### TASK DESCRIPTION
Transcribe the tail of the listing: start at the line containing "point P0 (0, 0)" and stop after the last line, keeping every character as is and adding nothing.

### DATA EXCERPTS
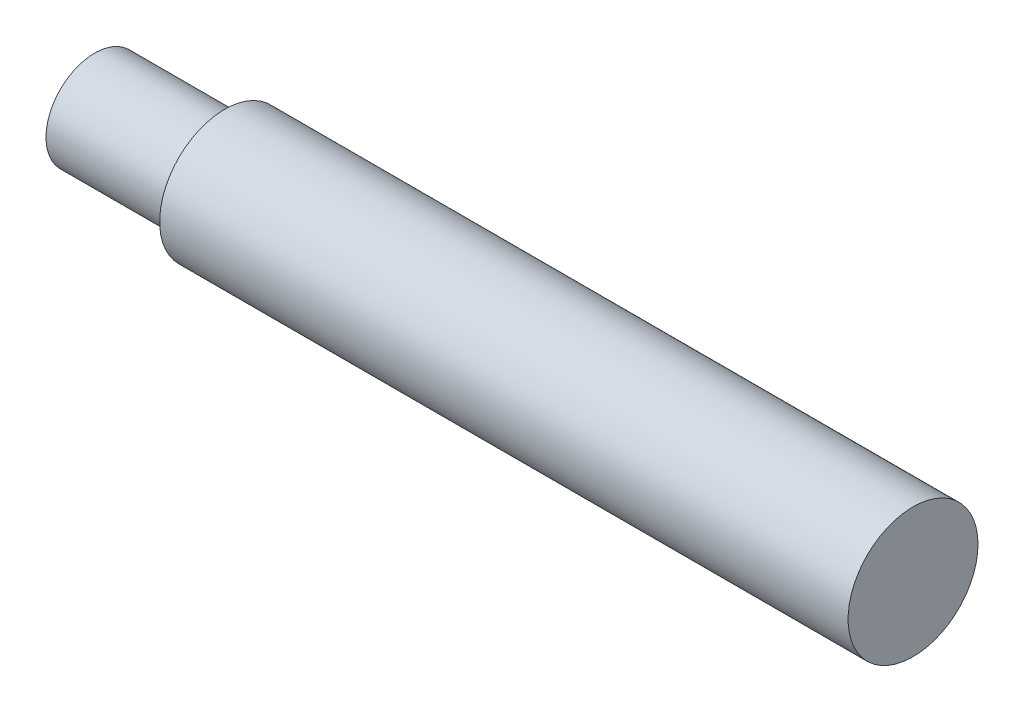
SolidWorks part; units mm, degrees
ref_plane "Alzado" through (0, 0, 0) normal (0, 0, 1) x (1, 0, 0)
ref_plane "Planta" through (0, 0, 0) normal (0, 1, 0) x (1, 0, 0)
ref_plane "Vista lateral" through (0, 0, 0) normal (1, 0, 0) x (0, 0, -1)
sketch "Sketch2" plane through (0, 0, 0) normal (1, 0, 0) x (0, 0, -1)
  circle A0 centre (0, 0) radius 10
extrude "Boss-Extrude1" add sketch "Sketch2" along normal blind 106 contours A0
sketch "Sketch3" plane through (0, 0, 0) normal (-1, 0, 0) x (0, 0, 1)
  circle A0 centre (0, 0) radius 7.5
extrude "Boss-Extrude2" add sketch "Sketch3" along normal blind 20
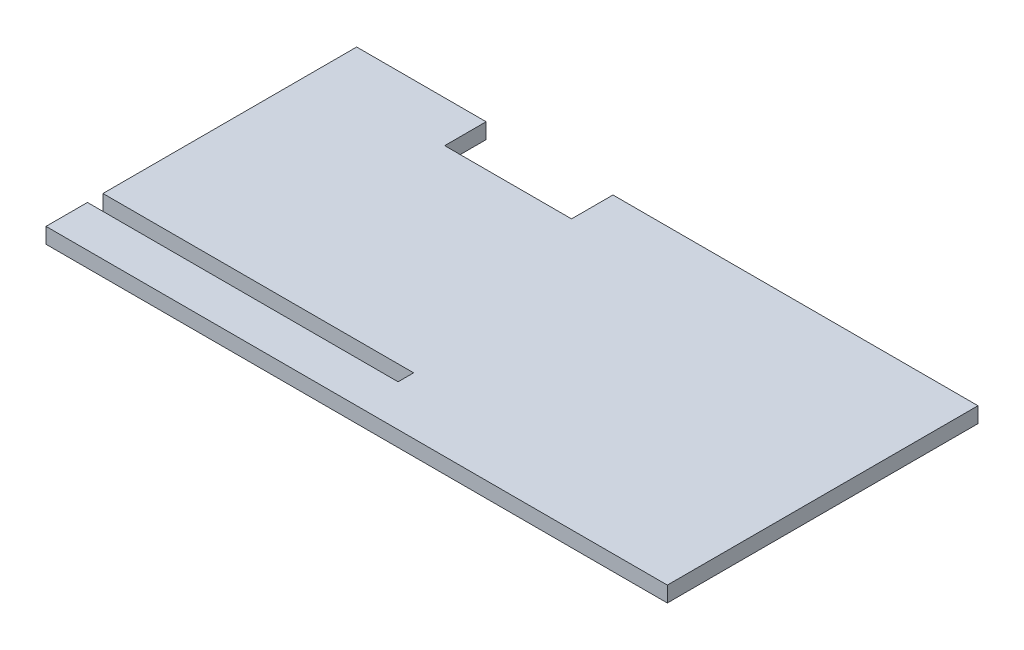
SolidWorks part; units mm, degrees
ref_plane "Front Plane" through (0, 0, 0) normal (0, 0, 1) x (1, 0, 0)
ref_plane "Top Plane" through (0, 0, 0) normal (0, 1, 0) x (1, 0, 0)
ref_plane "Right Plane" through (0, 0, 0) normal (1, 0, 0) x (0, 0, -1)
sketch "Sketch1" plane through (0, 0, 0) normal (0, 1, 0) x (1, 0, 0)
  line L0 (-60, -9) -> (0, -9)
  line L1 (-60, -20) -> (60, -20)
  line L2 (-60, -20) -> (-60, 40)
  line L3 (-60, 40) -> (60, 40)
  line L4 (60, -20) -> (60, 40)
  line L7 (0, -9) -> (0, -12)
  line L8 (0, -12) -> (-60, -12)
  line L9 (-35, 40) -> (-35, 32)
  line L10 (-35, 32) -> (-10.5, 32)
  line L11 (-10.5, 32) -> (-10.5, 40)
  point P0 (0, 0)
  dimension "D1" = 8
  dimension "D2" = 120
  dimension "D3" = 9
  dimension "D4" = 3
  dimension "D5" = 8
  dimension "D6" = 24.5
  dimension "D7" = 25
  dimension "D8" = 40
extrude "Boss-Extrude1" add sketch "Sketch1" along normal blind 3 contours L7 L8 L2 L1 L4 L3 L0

### RESPONSE BOX
  point P0 (0, 0)
  dimension "D1" = 8
  dimension "D2" = 120
  dimension "D3" = 9
  dimension "D4" = 3
  dimension "D5" = 8
  dimension "D6" = 24.5
  dimension "D7" = 25
  dimension "D8" = 40
extrude "Boss-Extrude1" add sketch "Sketch1" along normal blind 3 contours L7 L8 L2 L1 L4 L3 L0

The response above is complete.